Check each line of the listing for the word "drawing" and report the ones that have it.

┄┄┄┄┄┄┄┄┄┄

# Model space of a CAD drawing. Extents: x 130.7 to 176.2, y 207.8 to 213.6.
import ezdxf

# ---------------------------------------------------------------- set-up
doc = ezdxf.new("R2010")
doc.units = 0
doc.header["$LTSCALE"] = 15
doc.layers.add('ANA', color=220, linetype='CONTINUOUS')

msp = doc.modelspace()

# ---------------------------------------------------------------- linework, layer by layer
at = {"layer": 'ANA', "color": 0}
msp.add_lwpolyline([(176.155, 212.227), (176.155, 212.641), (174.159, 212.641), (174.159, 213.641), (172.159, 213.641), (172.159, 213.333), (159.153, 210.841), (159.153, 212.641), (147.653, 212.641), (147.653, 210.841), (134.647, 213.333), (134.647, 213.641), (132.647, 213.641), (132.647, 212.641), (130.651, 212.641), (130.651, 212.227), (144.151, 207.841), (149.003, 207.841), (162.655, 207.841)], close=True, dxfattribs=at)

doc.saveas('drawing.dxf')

┄┄┄┄┄┄┄┄┄┄

■ Result of this task
# Model space of a CAD drawing. Extents: x 130.7 to 176.2, y 207.8 to 213.6.
doc.saveas('drawing.dxf')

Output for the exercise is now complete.